The evolution of the three prevalent sublineages of the European swine influenza viruses is schematically depicted in Fig. 3.
Evolution of three prevalent sublineages of European swine influenza viruses
6.5 Other Reassortant Swine Influenza Viruses Isolated in Europe
Sooner or later co-circulation of two or more influenza virus types within a population leads to reassortant viruses, but such reassortants may have little chance to replace either parent virus. The three prevalent European swine influenza viruses gave rise to three groups of reassortants. The first group comprises reassortants of seasonal human H3N2 and swine influenza viruses (Fig. 4). The strains A/swine/Potsdam/35/1982, A/swine/Karrenzien/2/1987, and A/swine/Leipzig/145/1992 (Schrader and Süss 2004) are examples of swine H3N2 viruses which emerged independently of each other in Germany. They have the six internal gene segments of avian-like H1N1 swine viruses and human HA and NA genes. These genes, however, branch independently of A/swine/Gent/1/1984-like viruses in phylogenetic trees (compare Fig. 2c, d) and are evidence of repeated 2 + 6 reassortments in pigs. Although only partial sequence data are available, further strains e.g., A/swine/Jena/3765/1989 (H3N2), A/swine/Leipzig/663/1992 (H3N2), and A/swine/Leipzig/318/1993 (H3N2), belong to this group and indicate that such reassortants may have circulated for 2–3 years. The second group of reassortants emerged in Italy. The preliminary characterization revealed a 7 + 1 reassortment between human H3N2 and swine H1N2 influenza viruses. These viruses have a neuraminidase gene of seasonal H3N2 viruses and seven segments (HA, internal genes) of human-like swine H1N2 viruses (Chiapponi et al. 2007). They circulated in Italy between 2003 and 2006.
Three groups of reassortant swine influenza viruses emerged in Europe. a 6 + 2 reassortants of avian-like swine H1N1 and human H3N2 influenza viruses. b 7 + 1 reassortants of human-like swine H1N2 and human H3N2 viruses. c Six different reassortants of the three prevalent European swine influenza virus lineages. The prevalent swine influenza virus lineages are boxed with bold lines. Filled circles (•) indicate the availability of complete sequence data in the GenBank, filled diamonds (◆) indicate partial sequence data. * Strains designations follow those of Franck et al. (2007); these strains were renamed when their sequences were deposited in the GenBank
The third group comprises reassortants between the prevalent sublineages of European swine influenza viruses. The three sublineages allow six HA/NA combinations and all of them have been detected in recent years. The compilation of Fig. 4 illustrates that several of these reassortments occurred repeatedly at different places and times: Some of the reassortants were published (Gourreau et al. 1994; Balint et al. 2009; Zell et al. 2008a, b), for others only preliminary reports are available (Chiapponi et al. 2007; Franck et al. 2007; Hjulsager et al. 2006). Such reassortants do not constitute antigenic shift mutants and failed to establish persistent stable infection chains yet.
Another rather unusual reassortant was isolated from pigs in England (Brown et al. 1994). The strain A/swine/England/191974/1992 (H1N7) was reported to comprise six segments of a human H1N1 virus (PB2, PB1, PA, HA, NP, NS) and the NA and M segments of an equine H7N7 virus (Brown et al. 1997a). Sequence data of the HA, NP, NA, and M segments are available in the GenBank. Although this virus represents an interesting reassortment, it has to be considered with some caution as the NA and M genes have a striking similarity to A/equine/Prague/1/1956 (H7N7).

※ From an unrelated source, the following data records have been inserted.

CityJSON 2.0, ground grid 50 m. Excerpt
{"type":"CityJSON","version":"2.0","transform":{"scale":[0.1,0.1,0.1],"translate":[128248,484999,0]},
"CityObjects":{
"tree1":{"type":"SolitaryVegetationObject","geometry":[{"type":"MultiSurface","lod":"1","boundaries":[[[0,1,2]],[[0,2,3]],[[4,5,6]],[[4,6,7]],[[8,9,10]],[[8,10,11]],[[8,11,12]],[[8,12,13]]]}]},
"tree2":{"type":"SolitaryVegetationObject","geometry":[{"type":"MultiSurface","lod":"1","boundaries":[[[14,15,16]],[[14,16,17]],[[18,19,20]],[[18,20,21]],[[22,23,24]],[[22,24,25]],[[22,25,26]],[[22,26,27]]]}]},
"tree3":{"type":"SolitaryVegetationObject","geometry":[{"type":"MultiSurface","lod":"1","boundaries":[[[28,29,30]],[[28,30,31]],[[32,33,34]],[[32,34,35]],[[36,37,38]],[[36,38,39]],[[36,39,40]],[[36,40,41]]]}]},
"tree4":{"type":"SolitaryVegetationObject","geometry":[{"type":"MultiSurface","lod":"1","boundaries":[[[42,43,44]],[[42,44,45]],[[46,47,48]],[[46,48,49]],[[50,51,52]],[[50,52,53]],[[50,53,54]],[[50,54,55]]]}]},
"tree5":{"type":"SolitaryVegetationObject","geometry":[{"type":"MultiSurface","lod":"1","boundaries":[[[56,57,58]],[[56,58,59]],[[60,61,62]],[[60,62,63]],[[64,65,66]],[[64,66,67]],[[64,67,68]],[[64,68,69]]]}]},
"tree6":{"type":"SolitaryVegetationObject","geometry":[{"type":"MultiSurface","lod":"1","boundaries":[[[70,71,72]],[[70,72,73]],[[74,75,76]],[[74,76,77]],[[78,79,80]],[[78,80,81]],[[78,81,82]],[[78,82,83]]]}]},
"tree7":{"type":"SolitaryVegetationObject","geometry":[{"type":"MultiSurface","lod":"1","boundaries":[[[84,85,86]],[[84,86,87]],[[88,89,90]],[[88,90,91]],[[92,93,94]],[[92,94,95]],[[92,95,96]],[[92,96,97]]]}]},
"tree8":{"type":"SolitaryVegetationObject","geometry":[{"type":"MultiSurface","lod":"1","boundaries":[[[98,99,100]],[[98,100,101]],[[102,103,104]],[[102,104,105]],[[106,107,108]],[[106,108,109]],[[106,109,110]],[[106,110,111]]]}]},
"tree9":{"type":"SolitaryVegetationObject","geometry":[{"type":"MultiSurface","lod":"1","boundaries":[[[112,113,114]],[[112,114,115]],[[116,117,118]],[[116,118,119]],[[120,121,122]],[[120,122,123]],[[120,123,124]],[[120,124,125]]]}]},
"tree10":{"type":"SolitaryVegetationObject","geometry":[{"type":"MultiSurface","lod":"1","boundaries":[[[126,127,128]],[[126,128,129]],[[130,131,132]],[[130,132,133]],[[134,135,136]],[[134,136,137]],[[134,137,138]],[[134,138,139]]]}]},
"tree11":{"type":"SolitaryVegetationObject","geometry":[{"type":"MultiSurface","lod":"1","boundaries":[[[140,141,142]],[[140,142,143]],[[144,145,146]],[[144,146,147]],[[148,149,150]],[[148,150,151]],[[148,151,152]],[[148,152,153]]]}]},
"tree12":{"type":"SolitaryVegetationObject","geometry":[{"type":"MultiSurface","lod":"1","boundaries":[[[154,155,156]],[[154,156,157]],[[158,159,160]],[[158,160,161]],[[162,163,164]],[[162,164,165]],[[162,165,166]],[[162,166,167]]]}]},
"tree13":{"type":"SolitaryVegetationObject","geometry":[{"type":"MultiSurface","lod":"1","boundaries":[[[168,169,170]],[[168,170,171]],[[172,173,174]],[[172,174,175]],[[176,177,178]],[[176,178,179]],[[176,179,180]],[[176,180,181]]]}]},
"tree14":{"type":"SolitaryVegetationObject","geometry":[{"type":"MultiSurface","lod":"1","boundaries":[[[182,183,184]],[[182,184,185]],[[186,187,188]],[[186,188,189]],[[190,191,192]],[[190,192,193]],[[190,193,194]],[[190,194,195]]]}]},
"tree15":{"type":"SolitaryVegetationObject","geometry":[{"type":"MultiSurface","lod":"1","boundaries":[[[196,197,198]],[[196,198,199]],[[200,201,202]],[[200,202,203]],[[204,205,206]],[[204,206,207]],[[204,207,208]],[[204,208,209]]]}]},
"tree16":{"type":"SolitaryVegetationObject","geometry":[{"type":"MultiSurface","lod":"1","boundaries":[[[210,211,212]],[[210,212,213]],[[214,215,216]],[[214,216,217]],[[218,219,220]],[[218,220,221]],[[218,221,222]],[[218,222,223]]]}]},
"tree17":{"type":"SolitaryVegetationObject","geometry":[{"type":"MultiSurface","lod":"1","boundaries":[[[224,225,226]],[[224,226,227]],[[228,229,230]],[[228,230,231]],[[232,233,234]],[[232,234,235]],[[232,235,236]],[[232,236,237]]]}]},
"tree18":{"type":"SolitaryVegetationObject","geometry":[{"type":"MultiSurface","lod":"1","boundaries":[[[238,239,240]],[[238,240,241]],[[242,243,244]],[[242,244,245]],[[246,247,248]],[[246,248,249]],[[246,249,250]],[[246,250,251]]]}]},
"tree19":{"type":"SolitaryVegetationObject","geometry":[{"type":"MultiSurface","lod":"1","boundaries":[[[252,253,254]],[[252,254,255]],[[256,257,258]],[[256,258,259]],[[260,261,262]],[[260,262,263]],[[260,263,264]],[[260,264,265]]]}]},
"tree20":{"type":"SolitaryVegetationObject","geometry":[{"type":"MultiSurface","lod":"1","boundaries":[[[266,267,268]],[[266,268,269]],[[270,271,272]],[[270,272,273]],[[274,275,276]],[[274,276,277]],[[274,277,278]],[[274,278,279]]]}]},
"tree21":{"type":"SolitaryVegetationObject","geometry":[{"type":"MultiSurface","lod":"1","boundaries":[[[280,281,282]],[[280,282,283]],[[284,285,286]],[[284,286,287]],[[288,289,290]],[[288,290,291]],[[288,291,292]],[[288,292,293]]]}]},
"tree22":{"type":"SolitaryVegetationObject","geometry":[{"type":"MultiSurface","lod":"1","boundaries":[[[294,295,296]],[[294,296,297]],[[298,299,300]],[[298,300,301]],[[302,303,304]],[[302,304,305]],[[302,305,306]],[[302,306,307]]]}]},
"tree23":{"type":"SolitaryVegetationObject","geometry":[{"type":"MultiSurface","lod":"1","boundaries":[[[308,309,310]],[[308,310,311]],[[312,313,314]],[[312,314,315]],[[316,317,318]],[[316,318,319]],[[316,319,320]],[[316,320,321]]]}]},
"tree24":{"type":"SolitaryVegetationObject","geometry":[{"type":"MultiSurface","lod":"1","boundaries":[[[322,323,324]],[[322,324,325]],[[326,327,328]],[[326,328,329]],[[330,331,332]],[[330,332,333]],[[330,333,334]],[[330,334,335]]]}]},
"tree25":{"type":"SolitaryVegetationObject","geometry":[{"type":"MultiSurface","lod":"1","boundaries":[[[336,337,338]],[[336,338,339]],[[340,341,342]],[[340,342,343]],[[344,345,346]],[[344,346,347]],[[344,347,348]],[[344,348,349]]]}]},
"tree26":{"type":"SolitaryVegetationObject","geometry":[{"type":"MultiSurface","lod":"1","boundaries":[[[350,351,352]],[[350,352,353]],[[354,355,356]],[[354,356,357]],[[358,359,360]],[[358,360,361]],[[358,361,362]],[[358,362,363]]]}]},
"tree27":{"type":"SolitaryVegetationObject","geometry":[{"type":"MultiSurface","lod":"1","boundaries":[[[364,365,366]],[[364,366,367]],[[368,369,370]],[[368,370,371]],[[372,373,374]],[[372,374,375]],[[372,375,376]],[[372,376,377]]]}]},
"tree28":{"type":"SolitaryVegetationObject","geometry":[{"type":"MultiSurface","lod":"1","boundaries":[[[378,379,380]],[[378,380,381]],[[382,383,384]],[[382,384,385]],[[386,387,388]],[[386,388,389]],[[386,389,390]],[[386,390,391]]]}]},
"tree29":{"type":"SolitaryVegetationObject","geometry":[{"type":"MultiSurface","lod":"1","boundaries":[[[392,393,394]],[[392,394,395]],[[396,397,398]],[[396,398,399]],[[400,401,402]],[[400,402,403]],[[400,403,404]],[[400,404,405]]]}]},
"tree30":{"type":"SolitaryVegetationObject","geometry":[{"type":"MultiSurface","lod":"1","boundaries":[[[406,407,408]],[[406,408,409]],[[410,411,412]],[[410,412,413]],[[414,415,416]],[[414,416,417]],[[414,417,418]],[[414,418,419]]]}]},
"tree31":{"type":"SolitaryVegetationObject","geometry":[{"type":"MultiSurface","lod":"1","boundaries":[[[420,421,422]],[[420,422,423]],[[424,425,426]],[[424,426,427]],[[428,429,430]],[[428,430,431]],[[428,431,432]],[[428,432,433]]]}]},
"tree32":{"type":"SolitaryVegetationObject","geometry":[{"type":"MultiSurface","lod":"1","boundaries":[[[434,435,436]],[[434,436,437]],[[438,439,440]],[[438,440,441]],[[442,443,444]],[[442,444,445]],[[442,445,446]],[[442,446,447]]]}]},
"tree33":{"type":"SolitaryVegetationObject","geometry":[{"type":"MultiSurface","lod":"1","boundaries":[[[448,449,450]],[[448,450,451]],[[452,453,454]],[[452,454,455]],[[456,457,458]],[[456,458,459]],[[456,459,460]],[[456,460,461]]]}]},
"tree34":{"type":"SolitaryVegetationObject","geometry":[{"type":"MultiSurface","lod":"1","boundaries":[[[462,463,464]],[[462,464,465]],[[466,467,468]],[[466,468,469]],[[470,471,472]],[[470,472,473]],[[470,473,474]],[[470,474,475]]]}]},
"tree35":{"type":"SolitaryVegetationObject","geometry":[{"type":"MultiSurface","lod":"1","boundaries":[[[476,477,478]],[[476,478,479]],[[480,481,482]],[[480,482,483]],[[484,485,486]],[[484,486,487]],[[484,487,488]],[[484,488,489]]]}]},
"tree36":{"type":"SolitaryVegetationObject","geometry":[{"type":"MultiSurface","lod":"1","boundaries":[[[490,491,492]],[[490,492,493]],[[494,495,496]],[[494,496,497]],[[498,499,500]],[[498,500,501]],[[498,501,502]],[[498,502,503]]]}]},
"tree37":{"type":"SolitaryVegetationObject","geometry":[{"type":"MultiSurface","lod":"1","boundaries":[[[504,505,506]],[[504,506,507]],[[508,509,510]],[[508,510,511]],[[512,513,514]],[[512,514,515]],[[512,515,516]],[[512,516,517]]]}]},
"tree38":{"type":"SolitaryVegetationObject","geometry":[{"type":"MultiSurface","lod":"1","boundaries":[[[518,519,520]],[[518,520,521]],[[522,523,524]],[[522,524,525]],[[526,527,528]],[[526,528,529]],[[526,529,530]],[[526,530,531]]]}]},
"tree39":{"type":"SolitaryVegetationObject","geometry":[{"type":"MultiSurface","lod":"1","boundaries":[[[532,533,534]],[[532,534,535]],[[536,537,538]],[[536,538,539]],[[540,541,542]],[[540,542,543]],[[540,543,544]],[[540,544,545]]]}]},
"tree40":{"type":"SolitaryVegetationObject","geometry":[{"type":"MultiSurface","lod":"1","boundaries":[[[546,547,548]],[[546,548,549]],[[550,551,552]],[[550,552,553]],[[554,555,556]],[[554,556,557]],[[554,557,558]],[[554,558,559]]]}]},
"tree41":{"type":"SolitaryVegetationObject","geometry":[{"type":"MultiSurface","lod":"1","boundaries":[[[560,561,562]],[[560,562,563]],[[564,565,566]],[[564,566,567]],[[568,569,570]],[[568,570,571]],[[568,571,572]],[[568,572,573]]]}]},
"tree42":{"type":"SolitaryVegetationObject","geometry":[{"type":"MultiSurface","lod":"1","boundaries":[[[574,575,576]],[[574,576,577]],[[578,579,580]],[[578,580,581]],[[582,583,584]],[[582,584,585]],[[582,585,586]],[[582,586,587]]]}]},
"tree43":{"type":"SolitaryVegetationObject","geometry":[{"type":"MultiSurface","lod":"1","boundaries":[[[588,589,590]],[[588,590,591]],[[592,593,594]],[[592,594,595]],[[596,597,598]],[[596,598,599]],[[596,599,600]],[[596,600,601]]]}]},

All other equine H7N7 sequences available from the GenBank (isolates of 1966–1977) show synonymous substitutions as a consequence of genetic drift and therefore differ significantly from A/equine/Prague/1/1956. Equine H7N7 viruses disappeared around 1977 and it is quite astounding that an A/equine/Prague/1/1956-like virus should have persisted in an unknown reservoir for 36 years without accumulation of synonymous substitutions. Therefore, the biological significance of this reassortant should be scrutinized.
7 Zoonotic Infections
7.1 Human→Swine Infections
Human H1N1 influenza viruses have only a limited capacity to productively infect pigs (Hinshaw et al. 1978). However, there are several swine isolates of human origin from the 1930s which were isolated from clinically ill pigs (Lamont 1938; Blakemore and Gledhill 1941). Serological similarity of these strains to contemporary human strains was already observed by Glover (1941). Evidence for zoonotic infections of pigs by human H1N1 was also presented by Shope (1938). Thereafter, human–swine infections with H1N1 have not been documented in Europe, especially not after reemergence of H1N1 in 1977 (Fig. 5). However, there is indirect evidence that such infections may have occurred: (i) the emergence of H1N2 reassortants in swine in Europe (Brown et al. 1998; Marozin et al. 2002), and (ii) the observed antibody prevalence to human H1N1 in pig sera (Aymard et al. 1980). In Japan and China, several studies demonstrate the transmission of seasonal H1N1 to pigs as shown by virus isolation and seroprevalence studies (Goto et al. 1988; Katsuda et al. 1995; Nerome et al. 1982; Yu et al. 2007).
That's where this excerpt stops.